Alex F

solve et coagula

UX/IA/Research/Strategy/InfoSec

Musician

 Related Resources

The Background

Rapid7 has a number of products that analyze cloud resources in isolation.  Examples include a classic vulnerability management product (InsightVM), a cloud security product (InsightCloudSec), and an Identity and Access Management (IAM) feature.  InsightCloudSec examines misconfigurations across all of a customers’ assets in the cloud, and its Identity and Access Management (IAM) feature examines users, roles, and permissions, flagging and flags misconfigurations that could result in privilege escalation and more.

The Problem

Taking something like a privilege escalation in isolation also doesn’t tell the entire story of your attack surface.  For example, an attacker might escalate their privileges to where they have administrator-level access to everything on the system.  Okay, so they compromised this resource.  Is the compromised resource especially valuable?  Does the attack mean anything for the surrounding devices?  If neither, then we might deprioritize fixing the resource.  What if, however, the privilege escalation not only confers admin privileges but also prompts a more valuable adjacent or nearby machine to allow the attacker to log in with that admin account, giving it full privileges on this more valuable system?  Suddenly, a compromise to some unwatched machine can mean instant admin access to something more important, and this login might very well look like regular, normal, approved activity.

In a case like this, when investigating an isolated resource, you aren’t getting the full picture.  You aren’t seeing the full impact of the resource, should it get compromised.  In order to do this, you need to be able to see any at-risk resources and neighboring machines/systems, and understand their vulnerabilities as well as what their potential value is as a target.  The immediate “impact zone” is known as the blast radius.

The Solution

Seeing a list of resources will suffice if the user is just looking for the immediate impact. However, if the user wants to expand that out a level - to see the blast radius of the wider blast radius, for example - lists and tables aren’t very helpful.  Visualizations, particularly graph-style visualizations, suit this perfectly.

  • First, we took the single layer or abstraction of the “Related Resources” feature, and we represented it in a graph.  That’s pretty simple and predictable.

  • Then we wanted to give the user the ability to explore this and expand those graphs out over multiple abstractions, or layers.  We wanted to give them the ability to expand their view in order to see the related resources of the related resources.

  • We discovered that, in some instances, these graphs can get pretty large and unwieldy, so we introduced grouping of like resources.  If a resource has, for example, 12 NICs, we can just group those together.

  • For each resource, we had to give the user more than just the resource name and type, so we created “hovers” that show the cloud account and ID as well the region, etc. Clicking on a resource node brings up a side panel that slides in from the right to tell you all the most important details about that particular resource.

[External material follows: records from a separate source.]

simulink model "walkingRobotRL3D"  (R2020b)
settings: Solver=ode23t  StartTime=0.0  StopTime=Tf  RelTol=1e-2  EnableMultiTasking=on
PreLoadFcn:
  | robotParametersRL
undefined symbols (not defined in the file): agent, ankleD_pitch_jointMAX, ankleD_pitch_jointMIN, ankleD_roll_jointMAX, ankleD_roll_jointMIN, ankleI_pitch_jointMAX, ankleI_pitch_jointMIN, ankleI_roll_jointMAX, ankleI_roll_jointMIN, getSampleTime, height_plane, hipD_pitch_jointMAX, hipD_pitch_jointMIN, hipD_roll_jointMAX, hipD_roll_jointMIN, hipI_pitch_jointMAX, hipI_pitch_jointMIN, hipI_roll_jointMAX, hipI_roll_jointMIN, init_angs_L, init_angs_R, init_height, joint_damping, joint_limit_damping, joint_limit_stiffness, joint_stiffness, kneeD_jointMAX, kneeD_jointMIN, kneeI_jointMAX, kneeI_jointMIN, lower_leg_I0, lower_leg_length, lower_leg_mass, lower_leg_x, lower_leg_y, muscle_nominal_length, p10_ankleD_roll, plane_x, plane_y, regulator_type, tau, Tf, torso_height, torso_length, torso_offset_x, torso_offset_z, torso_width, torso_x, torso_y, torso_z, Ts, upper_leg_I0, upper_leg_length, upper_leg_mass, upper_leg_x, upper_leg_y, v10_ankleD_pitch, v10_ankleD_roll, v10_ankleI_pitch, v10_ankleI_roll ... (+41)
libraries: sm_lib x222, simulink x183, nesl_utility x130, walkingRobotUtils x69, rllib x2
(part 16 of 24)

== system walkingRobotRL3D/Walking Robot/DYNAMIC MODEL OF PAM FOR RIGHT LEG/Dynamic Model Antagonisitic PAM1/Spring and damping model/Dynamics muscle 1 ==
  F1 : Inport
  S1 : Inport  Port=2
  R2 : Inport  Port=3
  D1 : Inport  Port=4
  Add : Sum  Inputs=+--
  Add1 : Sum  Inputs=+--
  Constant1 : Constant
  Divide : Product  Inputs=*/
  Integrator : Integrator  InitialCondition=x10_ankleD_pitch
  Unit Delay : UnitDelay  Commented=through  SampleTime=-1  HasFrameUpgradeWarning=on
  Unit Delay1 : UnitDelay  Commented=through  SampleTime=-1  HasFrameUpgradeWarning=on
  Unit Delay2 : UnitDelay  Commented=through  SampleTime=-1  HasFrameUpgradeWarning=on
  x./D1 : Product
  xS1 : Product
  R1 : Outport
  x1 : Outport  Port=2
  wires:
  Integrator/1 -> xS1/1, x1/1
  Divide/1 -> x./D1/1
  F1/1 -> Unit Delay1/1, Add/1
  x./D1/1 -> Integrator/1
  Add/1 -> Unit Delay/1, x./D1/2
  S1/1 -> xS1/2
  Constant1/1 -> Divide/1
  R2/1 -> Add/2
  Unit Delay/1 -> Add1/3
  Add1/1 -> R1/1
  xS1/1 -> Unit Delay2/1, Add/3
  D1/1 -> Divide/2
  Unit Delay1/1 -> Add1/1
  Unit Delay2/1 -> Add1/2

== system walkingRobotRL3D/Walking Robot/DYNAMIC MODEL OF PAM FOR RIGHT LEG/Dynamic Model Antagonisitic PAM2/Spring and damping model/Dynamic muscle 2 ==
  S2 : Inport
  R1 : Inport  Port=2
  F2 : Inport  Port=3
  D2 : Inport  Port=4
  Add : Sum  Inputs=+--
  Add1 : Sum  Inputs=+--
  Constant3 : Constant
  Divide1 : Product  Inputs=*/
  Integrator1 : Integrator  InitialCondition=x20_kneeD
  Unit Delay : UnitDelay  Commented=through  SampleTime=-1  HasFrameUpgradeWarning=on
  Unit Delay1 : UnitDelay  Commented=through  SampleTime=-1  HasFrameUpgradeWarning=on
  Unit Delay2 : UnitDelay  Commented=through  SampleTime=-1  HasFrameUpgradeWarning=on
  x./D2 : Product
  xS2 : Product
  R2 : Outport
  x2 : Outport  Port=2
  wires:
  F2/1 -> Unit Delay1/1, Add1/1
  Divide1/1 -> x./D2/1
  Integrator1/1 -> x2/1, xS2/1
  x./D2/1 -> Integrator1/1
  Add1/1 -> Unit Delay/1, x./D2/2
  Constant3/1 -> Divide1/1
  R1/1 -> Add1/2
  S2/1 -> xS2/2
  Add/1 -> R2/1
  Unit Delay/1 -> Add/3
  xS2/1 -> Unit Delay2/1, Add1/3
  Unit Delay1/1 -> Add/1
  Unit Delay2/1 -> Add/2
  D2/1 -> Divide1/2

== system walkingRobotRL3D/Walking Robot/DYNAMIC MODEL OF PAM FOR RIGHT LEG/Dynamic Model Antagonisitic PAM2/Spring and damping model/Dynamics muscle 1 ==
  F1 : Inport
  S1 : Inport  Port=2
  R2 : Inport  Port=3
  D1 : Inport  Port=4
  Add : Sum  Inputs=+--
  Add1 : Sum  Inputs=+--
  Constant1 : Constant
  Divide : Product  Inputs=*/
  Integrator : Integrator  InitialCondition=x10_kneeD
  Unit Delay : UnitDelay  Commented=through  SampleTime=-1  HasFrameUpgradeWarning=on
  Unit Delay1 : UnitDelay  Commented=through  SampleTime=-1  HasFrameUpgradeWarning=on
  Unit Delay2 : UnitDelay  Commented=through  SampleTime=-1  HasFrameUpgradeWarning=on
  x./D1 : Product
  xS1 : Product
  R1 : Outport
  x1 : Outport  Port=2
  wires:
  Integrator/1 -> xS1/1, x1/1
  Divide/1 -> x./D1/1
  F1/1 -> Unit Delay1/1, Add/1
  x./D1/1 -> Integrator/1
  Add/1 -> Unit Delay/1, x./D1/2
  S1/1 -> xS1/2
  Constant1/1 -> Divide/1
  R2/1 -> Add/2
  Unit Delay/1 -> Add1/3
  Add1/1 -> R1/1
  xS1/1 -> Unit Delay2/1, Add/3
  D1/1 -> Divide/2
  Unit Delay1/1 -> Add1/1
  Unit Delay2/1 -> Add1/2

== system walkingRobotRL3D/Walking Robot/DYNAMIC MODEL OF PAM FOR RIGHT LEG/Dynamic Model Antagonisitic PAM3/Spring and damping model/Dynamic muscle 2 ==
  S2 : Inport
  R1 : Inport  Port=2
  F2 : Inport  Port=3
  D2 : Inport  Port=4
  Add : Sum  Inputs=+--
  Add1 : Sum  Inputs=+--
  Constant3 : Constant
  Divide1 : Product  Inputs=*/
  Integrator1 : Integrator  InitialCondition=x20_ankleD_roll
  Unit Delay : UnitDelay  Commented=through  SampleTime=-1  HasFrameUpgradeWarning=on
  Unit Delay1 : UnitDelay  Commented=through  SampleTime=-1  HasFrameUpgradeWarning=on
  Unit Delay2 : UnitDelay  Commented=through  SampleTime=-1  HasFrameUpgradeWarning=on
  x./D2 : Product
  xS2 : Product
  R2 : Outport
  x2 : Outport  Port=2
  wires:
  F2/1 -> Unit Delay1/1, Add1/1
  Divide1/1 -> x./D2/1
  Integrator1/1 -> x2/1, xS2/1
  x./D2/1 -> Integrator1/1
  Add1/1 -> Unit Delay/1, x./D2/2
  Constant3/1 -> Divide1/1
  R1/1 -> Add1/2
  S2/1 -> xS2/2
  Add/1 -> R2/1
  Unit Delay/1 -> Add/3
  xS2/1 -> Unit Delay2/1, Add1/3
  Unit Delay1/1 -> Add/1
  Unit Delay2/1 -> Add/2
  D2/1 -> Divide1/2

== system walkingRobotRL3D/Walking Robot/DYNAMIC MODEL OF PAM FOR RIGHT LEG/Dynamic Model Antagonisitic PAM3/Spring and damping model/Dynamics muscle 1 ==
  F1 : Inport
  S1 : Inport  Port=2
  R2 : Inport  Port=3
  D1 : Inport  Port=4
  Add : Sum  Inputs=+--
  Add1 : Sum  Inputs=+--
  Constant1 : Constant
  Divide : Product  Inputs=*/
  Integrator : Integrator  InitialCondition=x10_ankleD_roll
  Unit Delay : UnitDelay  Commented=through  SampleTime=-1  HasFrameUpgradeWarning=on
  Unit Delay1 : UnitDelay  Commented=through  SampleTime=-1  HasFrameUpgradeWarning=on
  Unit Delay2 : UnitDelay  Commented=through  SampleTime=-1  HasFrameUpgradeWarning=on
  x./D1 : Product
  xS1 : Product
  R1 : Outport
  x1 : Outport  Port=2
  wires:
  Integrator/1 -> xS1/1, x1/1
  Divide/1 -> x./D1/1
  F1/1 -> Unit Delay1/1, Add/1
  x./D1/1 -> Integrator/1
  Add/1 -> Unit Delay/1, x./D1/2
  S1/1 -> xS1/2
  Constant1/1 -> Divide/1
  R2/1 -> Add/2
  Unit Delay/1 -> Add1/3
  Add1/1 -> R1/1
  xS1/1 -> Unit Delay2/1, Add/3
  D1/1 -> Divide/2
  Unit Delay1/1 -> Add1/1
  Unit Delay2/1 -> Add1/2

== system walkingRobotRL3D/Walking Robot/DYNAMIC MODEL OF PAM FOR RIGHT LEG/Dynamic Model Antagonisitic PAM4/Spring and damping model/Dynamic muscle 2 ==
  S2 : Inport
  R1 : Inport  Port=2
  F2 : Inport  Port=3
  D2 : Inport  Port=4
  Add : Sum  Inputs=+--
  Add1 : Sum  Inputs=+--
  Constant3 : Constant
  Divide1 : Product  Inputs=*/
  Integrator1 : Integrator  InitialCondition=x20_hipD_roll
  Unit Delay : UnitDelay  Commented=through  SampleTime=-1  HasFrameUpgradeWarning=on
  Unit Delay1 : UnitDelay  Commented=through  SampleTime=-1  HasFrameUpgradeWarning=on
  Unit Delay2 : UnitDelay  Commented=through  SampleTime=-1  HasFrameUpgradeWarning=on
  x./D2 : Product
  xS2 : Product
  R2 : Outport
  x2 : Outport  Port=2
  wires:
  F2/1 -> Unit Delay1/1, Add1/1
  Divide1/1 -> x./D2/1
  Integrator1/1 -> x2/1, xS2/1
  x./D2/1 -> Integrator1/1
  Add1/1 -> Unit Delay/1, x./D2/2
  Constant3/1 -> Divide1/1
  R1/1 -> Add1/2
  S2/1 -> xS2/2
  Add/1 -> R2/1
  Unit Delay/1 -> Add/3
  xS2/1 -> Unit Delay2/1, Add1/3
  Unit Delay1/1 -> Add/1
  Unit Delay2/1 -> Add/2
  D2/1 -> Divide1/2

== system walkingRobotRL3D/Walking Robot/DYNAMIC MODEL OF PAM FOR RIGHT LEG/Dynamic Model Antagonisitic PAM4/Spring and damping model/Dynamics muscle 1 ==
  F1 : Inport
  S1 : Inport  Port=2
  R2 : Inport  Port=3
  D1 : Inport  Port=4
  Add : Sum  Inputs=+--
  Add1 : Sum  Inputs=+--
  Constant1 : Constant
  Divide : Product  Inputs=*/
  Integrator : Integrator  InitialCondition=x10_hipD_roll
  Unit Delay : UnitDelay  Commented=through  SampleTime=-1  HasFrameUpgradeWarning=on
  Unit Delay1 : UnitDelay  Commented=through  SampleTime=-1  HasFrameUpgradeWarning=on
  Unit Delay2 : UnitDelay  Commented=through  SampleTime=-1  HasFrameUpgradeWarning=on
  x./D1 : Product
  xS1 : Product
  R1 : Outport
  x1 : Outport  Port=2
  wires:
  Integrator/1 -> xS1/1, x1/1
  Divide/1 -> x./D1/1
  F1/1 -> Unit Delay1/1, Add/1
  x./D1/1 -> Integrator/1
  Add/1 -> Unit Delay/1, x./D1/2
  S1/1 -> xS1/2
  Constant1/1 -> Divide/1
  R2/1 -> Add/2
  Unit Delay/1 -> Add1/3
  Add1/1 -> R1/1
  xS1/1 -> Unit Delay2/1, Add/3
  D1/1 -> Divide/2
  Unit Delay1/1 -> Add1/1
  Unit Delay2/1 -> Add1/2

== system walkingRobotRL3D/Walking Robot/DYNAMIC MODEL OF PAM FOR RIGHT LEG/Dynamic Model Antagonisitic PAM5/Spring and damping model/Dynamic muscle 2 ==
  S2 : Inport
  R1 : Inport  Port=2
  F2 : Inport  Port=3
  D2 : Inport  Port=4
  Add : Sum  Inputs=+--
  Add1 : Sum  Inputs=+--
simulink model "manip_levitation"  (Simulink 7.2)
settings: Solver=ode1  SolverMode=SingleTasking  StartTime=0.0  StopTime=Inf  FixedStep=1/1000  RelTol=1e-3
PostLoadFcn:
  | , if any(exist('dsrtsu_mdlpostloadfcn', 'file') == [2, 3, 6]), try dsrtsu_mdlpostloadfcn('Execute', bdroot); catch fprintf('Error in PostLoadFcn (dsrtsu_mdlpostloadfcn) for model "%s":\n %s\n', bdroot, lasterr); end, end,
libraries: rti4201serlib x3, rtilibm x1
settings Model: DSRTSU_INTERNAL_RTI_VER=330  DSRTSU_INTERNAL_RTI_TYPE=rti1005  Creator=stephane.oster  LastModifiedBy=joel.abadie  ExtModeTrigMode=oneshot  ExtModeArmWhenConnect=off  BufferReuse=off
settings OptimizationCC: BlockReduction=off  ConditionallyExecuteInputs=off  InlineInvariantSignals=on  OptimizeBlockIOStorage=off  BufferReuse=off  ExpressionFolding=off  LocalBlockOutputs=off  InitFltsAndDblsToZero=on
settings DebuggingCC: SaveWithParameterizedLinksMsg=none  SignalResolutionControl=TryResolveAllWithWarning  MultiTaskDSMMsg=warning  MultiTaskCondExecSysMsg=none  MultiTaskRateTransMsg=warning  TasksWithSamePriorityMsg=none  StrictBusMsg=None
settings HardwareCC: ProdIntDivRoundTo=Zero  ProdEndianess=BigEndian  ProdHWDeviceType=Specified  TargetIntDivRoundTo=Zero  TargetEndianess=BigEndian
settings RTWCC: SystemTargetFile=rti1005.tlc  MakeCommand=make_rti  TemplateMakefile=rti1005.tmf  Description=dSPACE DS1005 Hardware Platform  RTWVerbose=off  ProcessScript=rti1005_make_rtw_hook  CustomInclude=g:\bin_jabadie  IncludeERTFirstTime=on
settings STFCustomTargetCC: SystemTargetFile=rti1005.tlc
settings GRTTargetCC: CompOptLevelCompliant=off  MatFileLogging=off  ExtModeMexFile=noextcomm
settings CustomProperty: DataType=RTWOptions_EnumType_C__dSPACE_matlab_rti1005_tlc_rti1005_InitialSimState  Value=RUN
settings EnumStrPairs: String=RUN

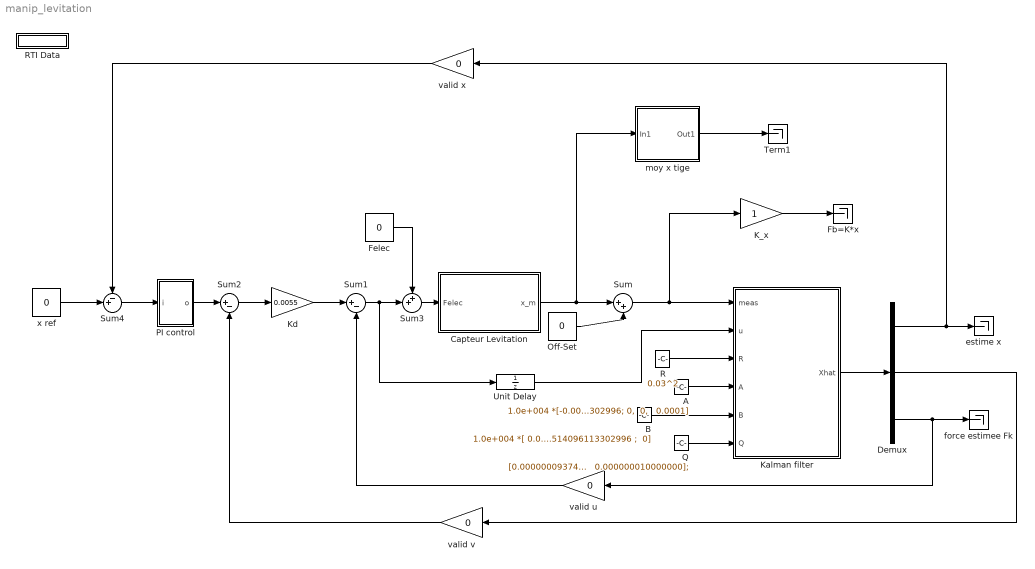
== system manip_levitation ==
  A : Constant  Value="1.0e+004 *[-0.000041693801048, 0.000000021197346, 0.000610749142449; -0.351270298286295, -0.000044721993275, 1.514096113302996; 0,  0,   0.0001]"
  B : Constant  Value=|
      | 1.0e+004 *[ 0.000610749142449;
      |    1.514096113302996;
      |  0]
  Capteur Levitation : Subsystem
  Demux : Demux  Outputs=3
  Fb=K*x : Terminator
  Felec : Constant  Value=0  OutDataType=sfix(16)  OutScaling=2^0
  K_x : Gain  ParameterDataType=sfix(16)  ParameterScaling=2^0  OutDataType=sfix(16)  OutScaling=2^0
  Kalman filter : Stateflow chart  TreatAsAtomicUnit=on
  Kd : Gain  Gain=0.0055  ParameterDataType=sfix(16)  ParameterScaling=2^0  OutDataType=sfix(16)  OutScaling=2^0
  Off-Set : Constant  Value=0  OutDataType=sfix(16)  OutScaling=2^0
  PI control : Subsystem
  Q : Constant  Value=|
      | [0.000000093740541   0.000373014515003   0.000000023776859;
      |    0.000373014515003   1.757821222396016   0.000122149828490;
      |    0.000000023776859,   0.000122149828490,   0.000000010000000];
  R : Constant  Value=0.03^2
  RTI Data : Subsystem  Tag=struct('RTIDataServer',struct('RTIModelDescription','struct(''main'',''manip_levitation'',''sub'','''',''isMp'',0)'))  LoadFcn="if exist('rtidc'), try,  rtidc('DataHostBlockClbLoad', gcbh); catch, disp(['Warning: ''LoadFcn'' for RTI Data block failed: ' lasterr]); end, end,"
      settings: CopyFcn="if exist('rtidc'), try,  rtidc('DataHostBlockClbCopy', gcbh); catch, disp(['Warning: ''CopyFcn'' for RTI Data block failed: ' lasterr]); end, end,"  DeleteFcn="if exist('rtidc'), try,  rtidc('DataHostBlockClbDelete', gcbh); catch, disp(['Warning: ''DeleteFcn'' for RTI Data block failed: ' lasterr]); end, end,"  ModelCloseFcn="if exist('rtidc'), try,  rtidc('DataHostBlockClbModelClose', gcbh); catch, disp(['Warning: ''ModelCloseFcn'' for RTI Data block failed: ' lasterr]); end, end,"  PreSaveFcn="if exist('rtidc'), try,  rtidc('DataHostBlockClbPreSave', gcbh); catch, disp(['Warning: ''PreSaveFcn'' for RTI Data block failed: ' lasterr]); end, end,"  PostSaveFcn="if exist('rtidc'), try,  rtidc('DataHostBlockClbPostSave', gcbh); catch, disp(['Warning: ''PostSaveFcn'' for RTI Data block failed: ' lasterr]); end, end,"  NameChangeFcn="if exist('rtidc'), try,  rtidc('DataHostBlockClbNameChange', gcbh); catch, disp(['Warning: ''NameChangeFcn'' for RTI Data block failed: ' lasterr]); end, end,"
      mask Type: RTI_DATA_HOST
      mask Description:
      | RTI Data Block.
      | This block is used by RTI to store internal model-dependent data.
      | Please keep this block on the root level of the model. Deleting this block will result in data loss.
      | 
      | NEVER DELETE OR COPY THIS BLOCK!
      mask Help:
      | RTI Data Block.
      | This block is used by RTI to store internal model-dependent data.
      | Please keep this block on the root level of the model. Deleting this block will result in data loss.
      | 
      | NEVER DELETE OR COPY THIS BLOCK!
      mask Display:
      | text(0.5, 0.5, 'RTI Data', 'HorizontalAlignment', 'center');
      | plot([1 0]);
  Sum : Sum  Inputs=|++  OutDataType=sfix(16)  OutScaling=2^0
  Sum1 : Sum  Inputs=|+-  OutDataType=sfix(16)  OutScaling=2^0
  Sum2 : Sum  Inputs=|+-  OutDataType=sfix(16)  OutScaling=2^0
  Sum3 : Sum  Inputs=++|  OutDataType=sfix(16)  OutScaling=2^0
  Sum4 : Sum  Inputs=-+|  OutDataType=sfix(16)  OutScaling=2^0
  Term1 : Terminator
  Unit Delay : UnitDelay  SampleTime=-1
  estime x : Terminator
  force estimee Fk : Terminator
  moy x tige : Subsystem  mask(s fonction jabadie){duree=2, T_m=0.01, to=2}
      mask prompts: duree "duree du moyennage (s)"; T_m "periode d echatillonage moyennage (s)"; to "constante de temp du filtre (s)"
      mask help:
      | sort une valeur moyenne d'un signal
      | sur une duree donnee puis applique un filtre
      | du premier ordre
  valid u : Gain  Orientation=left  Gain=0  ParameterDataType=sfix(16)  ParameterScaling=2^0  OutDataType=sfix(16)  OutScaling=2^0
  valid v : Gain  Orientation=left  Gain=0  ParameterDataType=sfix(16)  ParameterScaling=2^0  OutDataType=sfix(16)  OutScaling=2^0
  valid x : Gain  Orientation=left  Gain=0  ParameterDataType=sfix(16)  ParameterScaling=2^0  OutDataType=sfix(16)  OutScaling=2^0
  x ref : Constant  Value=0  OutDataType=sfix(16)  OutScaling=2^0
  wires:
  Demux/1 -> estime x/1, valid x/1
  Demux/3 -> force estimee Fk/1, valid u/1
  Sum/1 -> K_x/1, Kalman filter/1(meas)
  Off-Set/1 -> Sum/2
  moy x tige/1(Out1) -> Term1/1
  K_x/1 -> Fb=K*x/1
  Capteur Levitation/1(x_m) -> Sum/1, moy x tige/1(In1)
  Sum1/1 -> Unit Delay/1, Sum3/2
  Kalman filter/1(Xhat) -> Demux/1
  Demux/2 -> valid v/1
  R/1 -> Kalman filter/3(R)
  B/1 -> Kalman filter/5(B)
  A/1 -> Kalman filter/4(A)
  Q/1 -> Kalman filter/6(Q)
  Unit Delay/1 -> Kalman filter/2(u)
  Felec/1 -> Sum3/1
  Sum3/1 -> Capteur Levitation/1(Felec)
  PI control/1(o) -> Sum2/1
  Sum2/1 -> Kd/1
  Kd/1 -> Sum1/1
  valid u/1 -> Sum1/2
  Sum4/1 -> PI control/1(i)
  x ref/1 -> Sum4/2
  valid v/1 -> Sum2/2
  valid x/1 -> Sum4/1

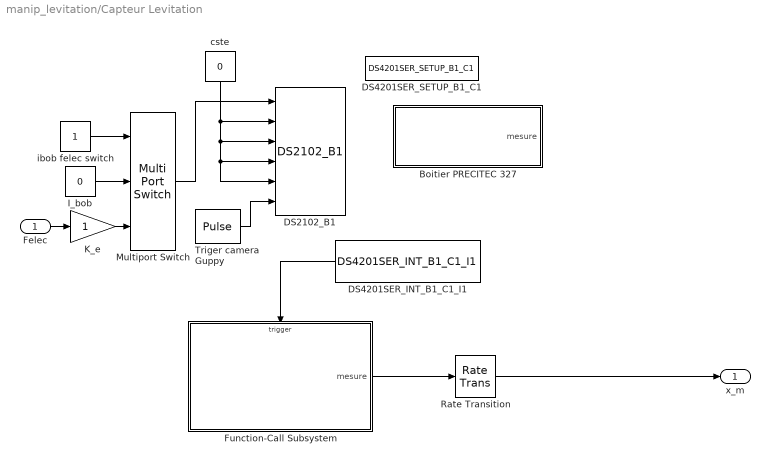
== system manip_levitation/Capteur Levitation ==
  Felec : Inport
  Boitier PRECITEC 327 : Subsystem
  DS2102_B1 : rtilibm/DS2102/DS2102_B1  SystemSampleTime=-1  BoardNo=1  Range=[10 10 10 10 10 0]  IOErrorMode=[1 1 1 1 1 1]  DeglitcherMode=[0 0 0 0 0 0]  InitValue=[0 0 0 0 0 0]  TermMode=[1 1 1 1 1 1]  TermValue=[0 0 0 0 0 0]  DialogFcn=gui2102  UnitName={'DS2102_B'}  UnitValues={ 1 }  DSProperties=struct('RTI',struct('Version',uint32(1),'BlockType',struct('isSLSource',uint8(0),'isSLSink',uint8(1),'isHWSource',uint8(0),'isHWSink',uint8(1),'isSetup',uint8(0),'isInline',uint8(1),'isNonInline',uint8(0),'isInterrupt',uint8(0),'isChannelwise',uint8(0)),'IOBoardType','DS2102','UnitType','DAC','Identifier','DAC','DialogType','ML','BlockSet','NONE','SlaveProcessor','NONE'))
  DS4201SER_INT_B1_C1_I1 : rti4201serlib/DS4201SER_INT_B1_C1_I1  Orientation=left  SystemSampleTime=-1  Reserved1=[]  Reserved2=[]  Reserved3=[]  Reserved4=[]  DSProperties=struct('RTI',struct('IOBoardType',{{'DS4201','SER'}},'SlaveProcessor','NONE','Version',uint32(3),'BlockType',struct('isSLSource',uint8(1),'isSLSink',uint8(0),'isHWSource',uint8(0),'isHWSink',uint8(0),'isSetup',uint8(0),'isInline',uint8(1),'isNonInline',uint8(0),'isInterrupt',uint8(1),'isChannelwise',uint8(1)),'UnitType','GENSER','Identifier','SERINT','DialogType','ML','BlockSet','NONE','RelationId',struct('TH',struct('BlockId','HWINT'))))  RTIBlockInterface=struct('BlockDisplay',{{['DS4201 SER Interrupt\n Board 1 Channel 1\nReceive Interrupt'],'center'}},'BlockName',struct('Token',{{'DS4201SER_INT_B','_C','_I'}},'BlockParam',{{'BoardNo','ChannelNo','IntType'}}),'OutputPortsWidth',int32(1),'OutputPortsActive',1,'OutputPortsName',{{[' ']}},'IconTransparency','off','ParameterTunableNames',{{}},'InitLevel',3,'DialogFcn','guigenserserint','MaskDescription',['To make the interrupts of the UART serial interface available as trigger source.'],'FunctionCall',uint32(0),'Options',{{'SS_OPTION_FORCE_NONINLINED_FCNCALL','SS_OPTION_ASYNCHRONOUS_INTERRUPT'}})  RTIBlockParameters=struct('Class',{{'UART','OFF',[]}},'ClassType',{{1,'OFF',[]}},'BoardType',{{'UART','OFF',[]}},'ThIntNo',{{1,'OFF',[1 4]}},'ThSubIntNo',{{0,'ON',[0 4]}},'ThSrcSgnName',{{['UART RX SW FIFO interrupt'],'OFF',[]}},'IntMode',{{0,'OFF',[]}},'TLCFileName',{{'rti_hwinterrupt','OFF',[]}},'PHSBoardBaseId',{{'DS4201S','OFF',[]}},'BoardNo',{{1,'ON',[1 16]}},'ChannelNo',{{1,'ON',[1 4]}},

At this point, the feature is incredibly useful..  What we have is a “blast radius” and then some (because we have resources beyond what you might find in a typical blast radius) that the user can expand outward to their hearts’ content - and in any direction.  It’s all visually displayed, so the relationships can get very complex, yet the visualization remains very easy to understand, even at a quick glance.

The Related Resources screen, expanded out through several layers of related resources.

However, we’re a security company. Despite this being constructive, if we center on a compromised host, just noticing the related resources doesn’t tell us much.  Are those other resources vulnerable to the same attacks?  Are they mis-configured such that the attacker of the compromised host can simply log in to the neighboring machines and immediately gain admin access without even trying?  We can’t tell from the graph, so we added a “ security mode.” When turned on, the security mode lights up the resources that have critical and high severity security issues, indicating their problems.  We chose to only do this only for critical and high severities because if we included mediums, lows, and/or informational issues, the whole graph would light up like a Christmas tree.  It would reverberate with noise, and when everything is colored with a severity, then the issues that we genuinely care bout about no longer stand out as prominently.  Seeing all those colors and having to carefully examine each one to understand what it means would lead to cognitive overload.  Even if it only takes milliseconds for each individual security issue, they add up.

The Related Resources screen with security information turned on.

Now a user can look at a single resource and expand out its first layer of related resources and turn on the security mode.  The user can then focus on expanding out only the layers where the source node of that expansion has security issues, and ignore the noise.